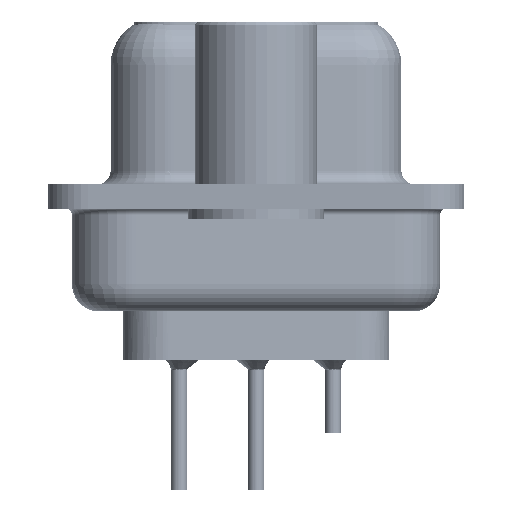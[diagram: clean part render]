
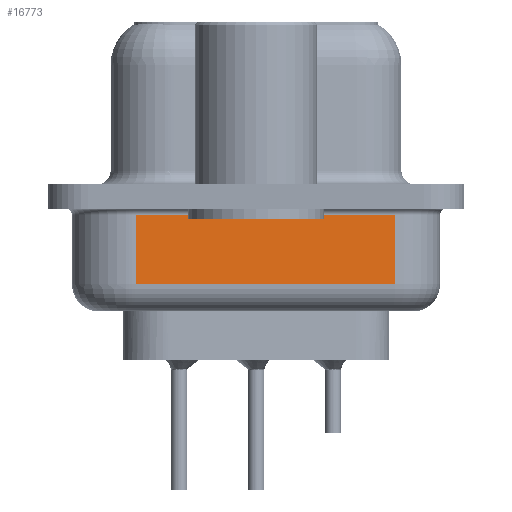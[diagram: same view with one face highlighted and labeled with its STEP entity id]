
A CAD part, left-side view. The second image highlights one B-rep face of the part: STEP entity #16773.
In plain terms, the highlighted planar face has unit normal (-0.985, -0.174, 0).
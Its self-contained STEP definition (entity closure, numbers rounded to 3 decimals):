
#2040 = CARTESIAN_POINT ( 'NONE',  ( 4.623, -5.147, -4.25 ) ) ;
#2641 = VERTEX_POINT ( 'NONE', #38535 ) ;
#3851 = EDGE_CURVE ( 'NONE', #39764, #41372, #35293, .T. ) ;
#10111 = DIRECTION ( 'NONE',  ( -0.174, 0.985, 0. ) ) ;
#10145 = CARTESIAN_POINT ( 'NONE',  ( 2.93, 4.453, -4.25 ) ) ;
#11028 = DIRECTION ( 'NONE',  ( 0.174, -0.985, 0. ) ) ;
#13238 = DIRECTION ( 'NONE',  ( -0.174, 0.985, 0. ) ) ;
#14482 = DIRECTION ( 'NONE',  ( 0., 0., 1. ) ) ;
#16093 = PLANE ( 'NONE',  #24495 ) ;
#16773 = ADVANCED_FACE ( 'NONE', ( #23724 ), #16093, .F. ) ;
#16967 = VECTOR ( 'NONE', #28697, 1000. ) ;
#17148 = EDGE_CURVE ( 'NONE', #39764, #2641, #40056, .T. ) ;
#18494 = CARTESIAN_POINT ( 'NONE',  ( 4.623, -5.147, -0.7 ) ) ;
#18597 = EDGE_CURVE ( 'NONE', #41372, #40009, #34826, .T. ) ;
#19036 = VECTOR ( 'NONE', #10111, 1000. ) ;
#19936 = EDGE_CURVE ( 'NONE', #40009, #2641, #26486, .T. ) ;
#20322 = VECTOR ( 'NONE', #14482, 1000. ) ;
#21736 = ORIENTED_EDGE ( 'NONE', *, *, #19936, .T. ) ;
#23724 = FACE_OUTER_BOUND ( 'NONE', #25650, .T. ) ;
#24495 = AXIS2_PLACEMENT_3D ( 'NONE', #37061, #43188, #13238 ) ;
#24999 = CARTESIAN_POINT ( 'NONE',  ( 2.93, 4.453, -3.25 ) ) ;
#25650 = EDGE_LOOP ( 'NONE', ( #33861, #34358, #33500, #21736 ) ) ;
#26486 = LINE ( 'NONE', #43106, #19036 ) ;
#28697 = DIRECTION ( 'NONE',  ( 0., 0., 1. ) ) ;
#33500 = ORIENTED_EDGE ( 'NONE', *, *, #18597, .T. ) ;
#33861 = ORIENTED_EDGE ( 'NONE', *, *, #17148, .F. ) ;
#34358 = ORIENTED_EDGE ( 'NONE', *, *, #3851, .T. ) ;
#34826 = LINE ( 'NONE', #2040, #16967 ) ;
#35293 = LINE ( 'NONE', #24999, #38765 ) ;
#36017 = CARTESIAN_POINT ( 'NONE',  ( 4.623, -5.147, -3.25 ) ) ;
#37061 = CARTESIAN_POINT ( 'NONE',  ( 2.93, 4.453, -4.25 ) ) ;
#38535 = CARTESIAN_POINT ( 'NONE',  ( 2.93, 4.453, -0.7 ) ) ;
#38765 = VECTOR ( 'NONE', #11028, 1000. ) ;
#39764 = VERTEX_POINT ( 'NONE', #43033 ) ;
#40009 = VERTEX_POINT ( 'NONE', #18494 ) ;
#40056 = LINE ( 'NONE', #10145, #20322 ) ;
#41372 = VERTEX_POINT ( 'NONE', #36017 ) ;
#43033 = CARTESIAN_POINT ( 'NONE',  ( 2.93, 4.453, -3.25 ) ) ;
#43106 = CARTESIAN_POINT ( 'NONE',  ( 2.93, 4.453, -0.7 ) ) ;
#43188 = DIRECTION ( 'NONE',  ( 0.985, 0.174, 0. ) ) ;

Problem to work on:
Would you write each entry out again exactly, omitting the images?

Result:
[diagram: clean part render]
[diagram: same view with one face highlighted and labeled with its STEP entity id]
A CAD part, left-side view. The second image highlights one B-rep face of the part: STEP entity #16773.
In plain terms, the highlighted planar face has unit normal (-0.985, -0.174, 0).
Its self-contained STEP definition (entity closure, numbers rounded to 3 decimals):
#2040 = CARTESIAN_POINT ( 'NONE',  ( 4.623, -5.147, -4.25 ) ) ;
#2641 = VERTEX_POINT ( 'NONE', #38535 ) ;
#3851 = EDGE_CURVE ( 'NONE', #39764, #41372, #35293, .T. ) ;
#10111 = DIRECTION ( 'NONE',  ( -0.174, 0.985, 0. ) ) ;
#10145 = CARTESIAN_POINT ( 'NONE',  ( 2.93, 4.453, -4.25 ) ) ;
#11028 = DIRECTION ( 'NONE',  ( 0.174, -0.985, 0. ) ) ;
#13238 = DIRECTION ( 'NONE',  ( -0.174, 0.985, 0. ) ) ;
#14482 = DIRECTION ( 'NONE',  ( 0., 0., 1. ) ) ;
#16093 = PLANE ( 'NONE',  #24495 ) ;
#16773 = ADVANCED_FACE ( 'NONE', ( #23724 ), #16093, .F. ) ;
#16967 = VECTOR ( 'NONE', #28697, 1000. ) ;
#17148 = EDGE_CURVE ( 'NONE', #39764, #2641, #40056, .T. ) ;
#18494 = CARTESIAN_POINT ( 'NONE',  ( 4.623, -5.147, -0.7 ) ) ;
#18597 = EDGE_CURVE ( 'NONE', #41372, #40009, #34826, .T. ) ;
#19036 = VECTOR ( 'NONE', #10111, 1000. ) ;
#19936 = EDGE_CURVE ( 'NONE', #40009, #2641, #26486, .T. ) ;
#20322 = VECTOR ( 'NONE', #14482, 1000. ) ;
#21736 = ORIENTED_EDGE ( 'NONE', *, *, #19936, .T. ) ;
#23724 = FACE_OUTER_BOUND ( 'NONE', #25650, .T. ) ;
#24495 = AXIS2_PLACEMENT_3D ( 'NONE', #37061, #43188, #13238 ) ;
#24999 = CARTESIAN_POINT ( 'NONE',  ( 2.93, 4.453, -3.25 ) ) ;
#25650 = EDGE_LOOP ( 'NONE', ( #33861, #34358, #33500, #21736 ) ) ;
#26486 = LINE ( 'NONE', #43106, #19036 ) ;
#28697 = DIRECTION ( 'NONE',  ( 0., 0., 1. ) ) ;
#33500 = ORIENTED_EDGE ( 'NONE', *, *, #18597, .T. ) ;
#33861 = ORIENTED_EDGE ( 'NONE', *, *, #17148, .F. ) ;
#34358 = ORIENTED_EDGE ( 'NONE', *, *, #3851, .T. ) ;
#34826 = LINE ( 'NONE', #2040, #16967 ) ;
#35293 = LINE ( 'NONE', #24999, #38765 ) ;
#36017 = CARTESIAN_POINT ( 'NONE',  ( 4.623, -5.147, -3.25 ) ) ;
#37061 = CARTESIAN_POINT ( 'NONE',  ( 2.93, 4.453, -4.25 ) ) ;
#38535 = CARTESIAN_POINT ( 'NONE',  ( 2.93, 4.453, -0.7 ) ) ;
#38765 = VECTOR ( 'NONE', #11028, 1000. ) ;
#39764 = VERTEX_POINT ( 'NONE', #43033 ) ;
#40009 = VERTEX_POINT ( 'NONE', #18494 ) ;
#40056 = LINE ( 'NONE', #10145, #20322 ) ;
#41372 = VERTEX_POINT ( 'NONE', #36017 ) ;
#43033 = CARTESIAN_POINT ( 'NONE',  ( 2.93, 4.453, -3.25 ) ) ;
#43106 = CARTESIAN_POINT ( 'NONE',  ( 2.93, 4.453, -0.7 ) ) ;
#43188 = DIRECTION ( 'NONE',  ( 0.985, 0.174, 0. ) ) ;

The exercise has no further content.